Pada kesempatan tersebut, Danrem juga membacakan amanat Pangdam III/Siliwangi Mayjen TNI Kosasih yang menekankan, TMMD bukan hanya pembangunan fisik. Namun, menjadi sarana mempererat kemanunggalan TNI dan rakyat.
Tema TMMD ke-128 tahun 2026, yakni “TMMD Satukan Langkah Membangun Negeri dari Desa”. Tema itu menjadi simbol penting bahwa pembangunan nasional harus dimulai dari desa melalui semangat gotong royong dan kepedulian bersama.
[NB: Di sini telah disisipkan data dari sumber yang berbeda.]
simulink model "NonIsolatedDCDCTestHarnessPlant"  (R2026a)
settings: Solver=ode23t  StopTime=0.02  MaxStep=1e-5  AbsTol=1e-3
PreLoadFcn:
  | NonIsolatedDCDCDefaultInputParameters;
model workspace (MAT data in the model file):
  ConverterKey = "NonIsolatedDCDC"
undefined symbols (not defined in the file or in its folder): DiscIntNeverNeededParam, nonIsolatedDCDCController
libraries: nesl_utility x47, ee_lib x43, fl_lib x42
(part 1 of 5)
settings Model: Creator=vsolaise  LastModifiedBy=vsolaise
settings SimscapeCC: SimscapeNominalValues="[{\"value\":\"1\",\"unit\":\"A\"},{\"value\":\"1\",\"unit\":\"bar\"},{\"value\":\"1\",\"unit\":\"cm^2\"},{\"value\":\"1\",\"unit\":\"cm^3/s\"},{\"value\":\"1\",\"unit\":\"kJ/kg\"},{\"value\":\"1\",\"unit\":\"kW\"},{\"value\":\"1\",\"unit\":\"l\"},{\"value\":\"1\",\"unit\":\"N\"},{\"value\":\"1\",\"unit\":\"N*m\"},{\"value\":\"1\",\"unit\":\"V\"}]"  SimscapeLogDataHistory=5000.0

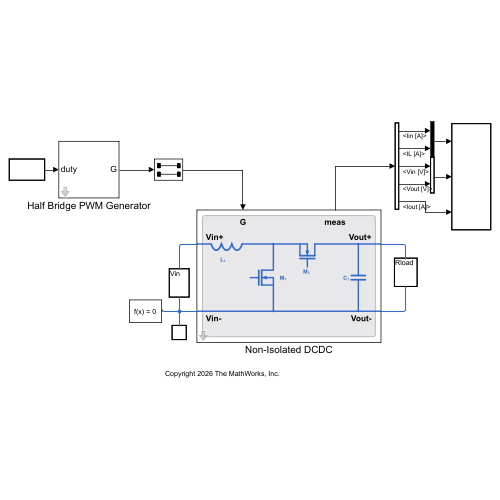
[thumbnail: Simulink's stored preview of the top-level diagram]
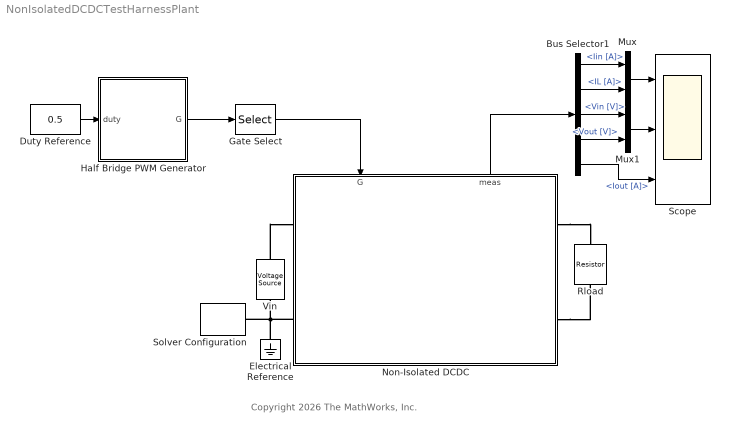
== system NonIsolatedDCDCTestHarnessPlant ==
  note: Copyright 2026 The MathWorks, Inc.
  Bus Selector1 : BusSelector  OutputSignals=Iin [A],IL [A],Vin [V],Vout [V],Iout [A]
  Duty Reference : Constant  Value=0.5
  Electrical Reference : fl_lib/Electrical/Electrical Elements/Electrical Reference
  Gate Select : Selector  InputPortWidth=2  IndexOptions=Index vector (dialog)  Indices=[1 2]  OutputSizes=1
  Half Bridge PWM Generator : Subsystem  mask(Half Bridge PWM Generator){solverMode=Variable-step (continuous), Ts=1e-8, Fsw=nonIsolatedDCDCController.Fsw.value, Tdead=nonIsolatedDCDCController.Tdead.value, gateVoltageOn=nonIsolatedDCDCController.gateVoltageOn.value, gateVoltageOff=nonIsolatedDCDCController.gateVoltageOff.value}
      mask prompts: solverMode "Solver mode"; Ts "Sample time (s)"; Fsw "Switching frequency (Hz)"; Tdead "Dead time (s)"; gateVoltageOn "Gate ON voltage (V)"; gateVoltageOff "Gate OFF voltage (V)"
      mask help:
      | This block generates half-bridge PWM gate signals with a dead time from a commanded duty cycle.
      |
      | For a variable-step solver, set Solver mode to Variable-step (continuous). For a fixed-step solver, set Solver mode to Fixed-step (discrete) and set Sample time to a positive value.
      mask init:
      | % Solver mode. Switch every sawtooth ramp in this block between its continuous
      | % and its discrete implementation, and show the sample time only when it is used.
      | pwmGeneratorBlock = gcb;
      | if strcmp(get_param(pwmGeneratorBlock, 'solverMode'), 'Fixed-step (discrete)')
      |     pwmGeneratorRampChoice = 'FixedStep';
      |     pwmGeneratorSampleTimeVisibility = 'on';
      | else
      |     pwmGeneratorRampChoice = 'VariableStep';
      |     pwmGeneratorSampleTimeVisibility = 'off';
      | end
      | 
      | % A block may hold more than one ramp, at any depth, so the ramps are found by the
      | % "Ramp Mode" suffix on their names rather than by one fixed path. The match filter
      | % keeps every variant choice in the search, which is also what silences the
      | % find_system default-variants warning.
      | pwmGeneratorRamps = find_system(pwmGeneratorBlock, ...
      |     'MatchFilter', @Simulink.match.allVariants, 'LookUnderMasks', 'all', ...
      |     'FollowLinks', 'on', 'Regexp', 'on', 'BlockType', 'SubSystem', ...
      |     'Name', 'Ramp Mode$');
      | for pwmGeneratorRampIndex = 1:numel(pwmGeneratorRamps)
      |     set_param(pwmGeneratorRamps{pwmGeneratorRampIndex}, ...
      |         'LabelModeActiveChoice', pwmGeneratorRampChoice);
      | end
      | 
      | % Only the discrete ramp declares a rate, so the sample time is hidden in the
      | % continuous mode. The guard keeps the code silent on a mask still being built.
      | pwmGeneratorMask = Simulink.Mask.get(pwmGeneratorBlock);
      | pwmGeneratorSampleTime = pwmGeneratorMask.getParameter('Ts');
      | if ~isempty(pwmGeneratorSampleTime)
      |     pwmGeneratorSampleTime.Visible = pwmGeneratorSampleTimeVisibility;
      | end
      mask Help: web('HalfBridgePWMGenerator.html')
      mask TypeOptions solverMode: Variable-step (continuous) | Fixed-step (discrete)
      mask Callback solverMode:
      | % Solver mode. Switch every sawtooth ramp in this block between its continuous
      | % and its discrete implementation, and show the sample time only when it is used.
      | pwmGeneratorBlock = gcb;
      | if strcmp(get_param(pwmGeneratorBlock, 'solverMode'), 'Fixed-step (discrete)')
      |     pwmGeneratorRampChoice = 'FixedStep';
      |     pwmGeneratorSampleTimeVisibility = 'on';
      | else
      |     pwmGeneratorRampChoice = 'VariableStep';
      |     pwmGeneratorSampleTimeVisibility = 'off';
      | end
      | 
      | % A block may hold more than one ramp, at any depth, so the ramps are found by the
      | % "Ramp Mode" suffix on their names rather than by one fixed path. The match filter
      | % keeps every variant choice in the search, which is also what silences the
      | % find_system default-variants warning.
      | pwmGeneratorRamps = find_system(pwmGeneratorBlock, ...
      |     'MatchFilter', @Simulink.match.allVariants, 'LookUnderMasks', 'all', ...
      |     'FollowLinks', 'on', 'Regexp', 'on', 'BlockType', 'SubSystem', ...
      |     'Name', 'Ramp Mode$');
      | for pwmGeneratorRampIndex = 1:numel(pwmGeneratorRamps)
      |     set_param(pwmGeneratorRamps{pwmGeneratorRampIndex}, ...
      |         'LabelModeActiveChoice', pwmGeneratorRampChoice);
      | end
      | 
      | % Only the discrete ramp declares a rate, so the sample time is hidden in the
      | % continuous mode. The guard keeps the code silent on a mask still being built.
      | pwmGeneratorMask = Simulink.Mask.get(pwmGeneratorBlock);
      | pwmGeneratorSampleTime = pwmGeneratorMask.getParameter('Ts');
      | if ~isempty(pwmGeneratorSampleTime)
      |     pwmGeneratorSampleTime.Visible = pwmGeneratorSampleTimeVisibility;
      | end
      mask DialogControl DescTextVar Prompt:
      | This block generates half-bridge PWM gate signals with a dead time from a commanded duty cycle.
      | 
      | For a variable-step solver, set Solver mode to Variable-step (continuous). For a fixed-step solver, set Solver mode to Fixed-step (discrete) and set Sample time to a positive value.
      mask DialogControl SolverPanel Prompt: Solver Settings
      mask DialogControl SwitchingPanel Prompt: Switching Parameters
      mask DialogControl GateDrivePanel Prompt: Gate Drive
  Mux : Mux  Inputs=2
  Mux1 : Mux  Inputs=2
  Non-Isolated DCDC : Subsystem  mask(Non-Isolated DC-DC Converter){modelOption=Synchronous Boost, ratedPower=1500, ratedPower_unit=W, Vin=200, Vin_unit=V, Vout=400, Vout_unit=V, Fsw=100000, Fsw_unit=Hz, L=4.356e-4, L_unit=H, RL=0.05, RL_unit=Ohm, C=1.8651e-4, C_unit=F, Rco=0.02, Rco_unit=Ohm, Vco=320, Vco_unit=V, switchDeviceOption=MOSFET (Ideal, Switching) with Thermal, RdsOn=0.02, RdsOn_unit=Ohm, GdsOff=1e-8, GdsOff_unit=1/Ohm, Vth=0.5, Vth_unit=V, VfBody=2.04, VfBody_unit=V, RdBody=0.004, RdBody_unit=Ohm, GdBody=1e-6, GdBody_unit=1/Ohm, diodeDeviceOption=Ideal Diode, Vf=0.5, Vf_unit=V, Rd=0.01, Rd_unit=Ohm, Gd=1e-8, Gd_unit=1/Ohm, simTemp=25, simTemp_unit=degC}
      mask prompts: modelOption "Topology"; ratedPower "Rated power"; Vin "Input voltage"; Vout "Output voltage"; Fsw "Switching frequency"; L "Inductance"; RL "Inductor resistance"; C "Output capacitance"; Rco "Capacitor ESR"; Vco "Initial output capacitor voltage"; switchDeviceOption "Main switch device"; RdsOn "On-state resistance"; GdsOff "Off-state conductance"; Vth "Threshold voltage"; VfBody "Body diode forward voltage"; RdBody "Body diode on resistance"; GdBody "Body diode off conductance"; diodeDeviceOption "Diode device"; Vf "Diode forward voltage"; Rd "Diode on resistance"; Gd "Diode off conductance"; simTemp "Simulation temperature"
      mask help: Buck, Boost, or Buck-Boost DC-DC converter with optional synchronous rectification
      mask init:
      | %% Unit conversion: convert displayed values to base SI units
      | convMap = containers.Map( ...
      |     {'W','kW','MW','V','kV','mV','F','mF','uF','nF','pF', ...
      |      'H','mH','uH','nH','Ohm','kOhm','mOhm','S','mS','1/Ohm', ...
      |      'Hz','kHz','MHz'}, ...
      |     {1, 1e3, 1e6, 1, 1e3, 1e-3, 1, 1e-3, 1e-6, 1e-9, 1e-12, ...
      |      1, 1e-3, 1e-6, 1e-9, 1, 1e3, 1e-3, 1, 1e-3, 1, ...
      |      1, 1e3, 1e6});
      | 
      | ratedPower_SI = ratedPower * convMap(ratedPower_unit);
      | Vin_SI = Vin * convMap(Vin_unit);
      | Vout_SI = Vout * convMap(Vout_unit);
      | Fsw_SI = Fsw * convMap(Fsw_unit);
      | L_SI = L * convMap(L_unit);
      | RL_SI = RL * convMap(RL_unit);
      | C_SI = C * convMap(C_unit);
      | Rco_SI = Rco * convMap(Rco_unit);
      | Vco_SI = Vco * convMap(Vco_unit);
      | RdsOn_SI = RdsOn * convMap(RdsOn_unit);
      | GdsOff_SI = GdsOff * convMap(GdsOff_unit);
      | Vth_SI = Vth * convMap(Vth_unit);
      | Vf_SI = Vf * convMap(Vf_unit);
      | Rd_SI = Rd * convMap(Rd_unit);
      | Gd_SI = Gd * convMap(Gd_unit);
      | VfBody_SI = VfBody * convMap(VfBody_unit);
      | RdBody_SI = RdBody * convMap(RdBody_unit);
      | GdBody_SI = GdBody * convMap(GdBody_unit);
      | 
      | %% Simulation temperature
      | % Temperature is an offset unit (K = degC + 273.15), so it cannot use convMap.
      | % simTemp_K is read by the thermal MOSFET junction target and Temperature Source,
      | % and by the tabulated diode device temperature.
      | if strcmp(simTemp_unit, 'degC')
      |     simTemp_K = simTemp + 273.15;
      | else
      |     simTemp_K = simTemp;
      | end
      | 
      | %% Apply variant selection
      | selectDCDCModelOption(gcb);
      settings: CopyFcn="set_param(gcbh,\"LinkStatus\",\"none\");"  PortSchema="{\"entries\":[{\"content\":{\"sides\":[{\"content\":{\"connectorIds\":[\"LConn1\",\"LConn2\"]},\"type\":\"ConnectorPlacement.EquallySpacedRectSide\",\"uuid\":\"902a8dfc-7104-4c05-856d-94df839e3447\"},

Dalam laporan pelaksanaan kegiatan, Dandim 0623/Cilegon Letkol Inf Imam Buchori menyampaikan seluruh sasaran TMMD ke-128 berhasil diselesaikan 100 persen sejak 22 April hingga 21 Mei 2026. Sasaran fisik yang dikerjakan meliputi pembukaan jalan sepanjang 2.800 meter, pembangunan drainase, rehabilitasi rumah tidak layak huni, pembangunan jamban, sumur bor, rehabilitasi musala, hingga pembangunan fasilitas lingkungan.
Selain itu, TMMD juga melaksanakan berbagai kegiatan nonfisik seperti penyuluhan wawasan kebangsaan, edukasi ketahanan pangan, pelayanan administrasi kependudukan, hingga pengelolaan lingkungan.
“Antusiasme masyarakat terhadap kegiatan TMMD sangat luar biasa. Kolaborasi dan sinergitas seluruh komponen menjadi kunci keberhasilan program ini sehingga benar-benar memberikan dampak bagi masyarakat,” pungkasnya.